Ya desde el siglo XII existían pequeñas agrupaciones de eremitas que, desconectadas las unas de las otras, seguían las reglas de san Agustín (Tagaste, 354- Hipona, 430), las directrices espirituales formuladas por el santo. San Agustín, sin embargo, no había fundado ninguna Orden religiosa, por lo que el Concilio IV de Letrán decretó que los diferentes grupos que seguían la espiritualidad agustiniana se reuniesen en una sola Orden; y fue el papa Alejandro IV (que gobernó la Iglesia de 1254 a 1261) quien reunió a estas congregaciones de eremitas en una sola, a las que dio el nombre de "Eremitas de San Agustín" o "agustinos" [1]. Tras ello, Clemente d´Osimo, maestro general de la Orden de 1271 a 1274, fue quien estableció unas Constituciones propias, basadas en la espiritualidad de san Agustín.

 

Antes de su instalación en Sanlúcar de Barrameda, habían estado en las proximidades del lugar de Chipiona en el convento que Pedro Ponce de León había acondicionado para que en él estuviesen con anterioridad los canónigos de Santa María de Regla [2]. Parece que los frailes agustinos no estaban muy satisfechos con su ubicación, en zona semidespoblada y carente de fieles, por lo que decidieron instalarse en la villa sanluqueña.
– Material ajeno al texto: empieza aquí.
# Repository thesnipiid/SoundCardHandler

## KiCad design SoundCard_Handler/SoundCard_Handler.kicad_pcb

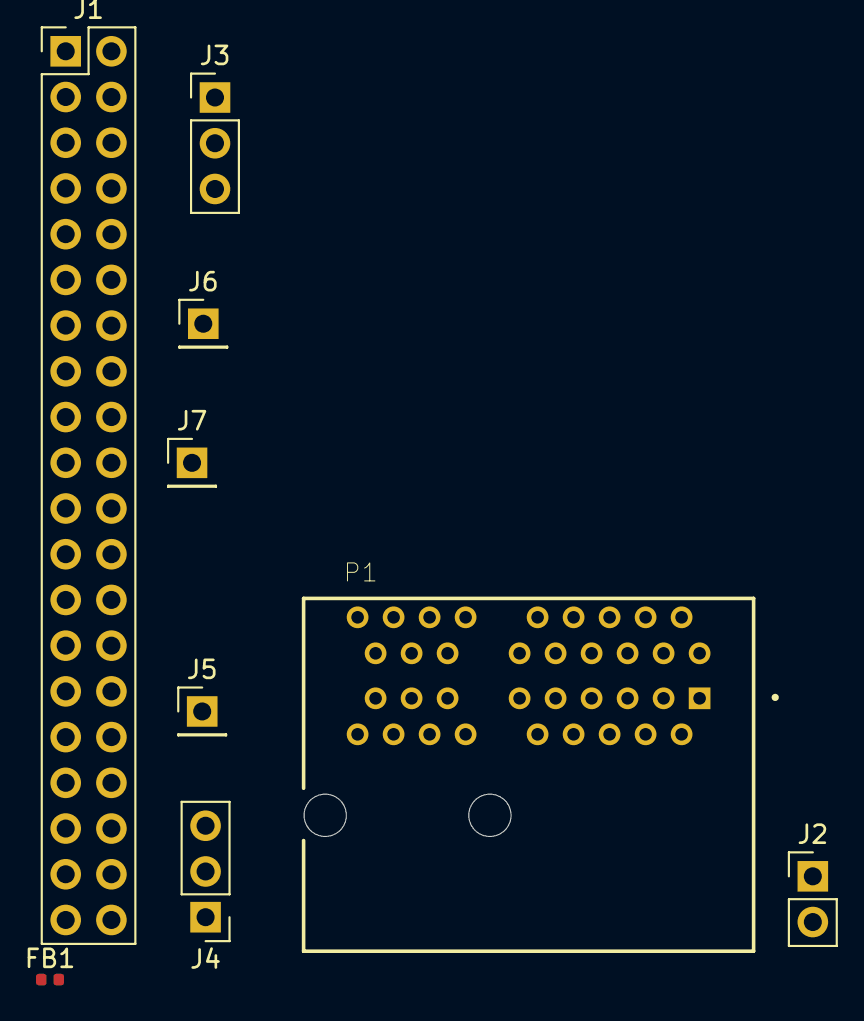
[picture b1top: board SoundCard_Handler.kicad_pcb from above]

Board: 2 copper layers, 9 parts (0 on the bottom side), 13 nets, no tracks yet.

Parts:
FB1: Ferrite_Bead; C_0402_1005Metric
J1: Raspberry_Pi_2_3; PinHeader_2x20_P2.54mm_Vertical
J2: Conn_01x02_Male; PinHeader_1x02_P2.54mm_Vertical
J3, J4: Conn_01x03_Male; PinHeader_1x03_P2.54mm_Vertical
J5, J6, J7: Conn_01x01_Male; PinHeader_1x01_P2.54mm_Vertical
P1: CONN_36_P1.00_PCI; SAMTEC_PCIE-036-02-X-D-RA

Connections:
+24V: P1.A16, P1.A17, P1.A18
/ATT_CLOCK: J1.40, J4.1, P1.A1
/ATT_DATA_IN: J1.38, J4.3, P1.A3
/ATT_~CS~: J1.24, J4.2, P1.A2
/BCLK: J6.1, P1.B8
/FSYNC: J7.1, P1.B11
/SCL: J1.5, J3.2, P1.A10
/SDA: J1.3, J3.1, P1.A9
/SDOUT: J5.1, P1.B5
/SHDNZ: J3.3, P1.A11
GND: J1.6, J1.9, J1.14, J1.20, J1.25, J1.30, J1.34, J1.39, P1.A4, P1.A5, P1.A7, P1.A8, P1.A12, P1.A13, P1.A14, P1.A15, P1.B1, P1.B2, P1.B3, P1.B4, P1.B6, P1.B7, P1.B9, P1.B10, P1.B15, P1.B16, P1.B17, P1.B18
unnamed: FB1.1, P1.B12, P1.B13, P1.B14
VCC: FB1.2, J1.2, J1.4, J2.2

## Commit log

2020-08-04 init

Pero el camino elegido no fue el adecuado. Pretendieron conseguirlo por la vía de los hechos consumados, instalándose impositivamente en las casas propiedad de la Cofradía y Ermita del Dulce Nombre de Jesús, ubicada en la Calle Ancha de los Mesones. Protestaron los propietarios, recurrieron al Cabildo y este lo hizo al duque [3]. El duque Alonso IV (1550-1615) ordenó fuesen expulsados. La represalia de los frailes no se hizo esperar; patéticamente empezaron a alejarse de la villa cantando salmos alusivos a la salida de Israel de Egipto, se sacudieron los sandalias a la salida de la villa (recordando el consejo evangélico) y comenzaron a fustigar a los duques con tales anatemas que tanto  el duque como su familia se asustaron ante los temibles castigos con que los amenazaban, y revocaron la orden de expulsión.

 

Tras ello, el duque les ofreció la ermita de Santiago para que en ella se procediese a la fundación del convento, cosa que fue una realidad en 1584 [4]. Unos años después, en 1621, por la devoción que el mayordomo mayor del duque tenía a la comunidad agustina, costeó la ampliación de la ermita y del convento, momento en el que el Cabildo donó a la comunidad un trozo de calle que iba de la Calle Escuelas a la de San Agustín. La ampliación fue completada por los bienes que el convento heredó provenientes del capitán Bartolomé Guerra, cuyo hijo único y deficiente mental ingresó en la comunidad. Se completaron las donaciones de la ciudad con las cañerías para trasladar al convento el agua de las Minas que costeó el duque don Manuel (1579-1636) en 1631, gracia por la que se comprometieron los frailes a la celebración de una serie de misas por dicho duque [5].

 

En 1717 se vino abajo la techumbre de la iglesia y, con la ayuda del Cabildo y del pueblo, se restauró, terminándola el prior Francisco de Burgos. Tras la invasión francesa, en que el convento fue clausurado, sus instalaciones comenzaron a arruinarse y, con posterioridad, una vez que la comunidad quedó extinguida en la ciudad, sus antiguas instalaciones se dedicaron a bodegas. En la iglesia de este convento tuvo su sede la Hermandad de Jesús Nazareno, que gozaba de una gran devoción en la localidad; refiriéndose al Cristo, escribió Velázquez Gaztelu: "a quien su numerosa cofradía saca en pomposa y costosa procesión, todos los viernes santos del año a las cinco de la mañana, por las principales calles de ambos barrios, y costea otras muchas funciones en el discurso del año" [6].



[1]  Analecta Agustiniana, R. 1905 .S. PERINI,D.A. Bibliografía agustiniana  I. Florencia, 1929.

[2]  Guillamas: Historia de Sanlúcar de Barrameda, página, 150.

[3]  Act. Cap. de 14 de Diciembre de 1573, Libro 5º, folio 246.

[4]  Act. Cap. Libro 6º, folio 164 vto, de 1584.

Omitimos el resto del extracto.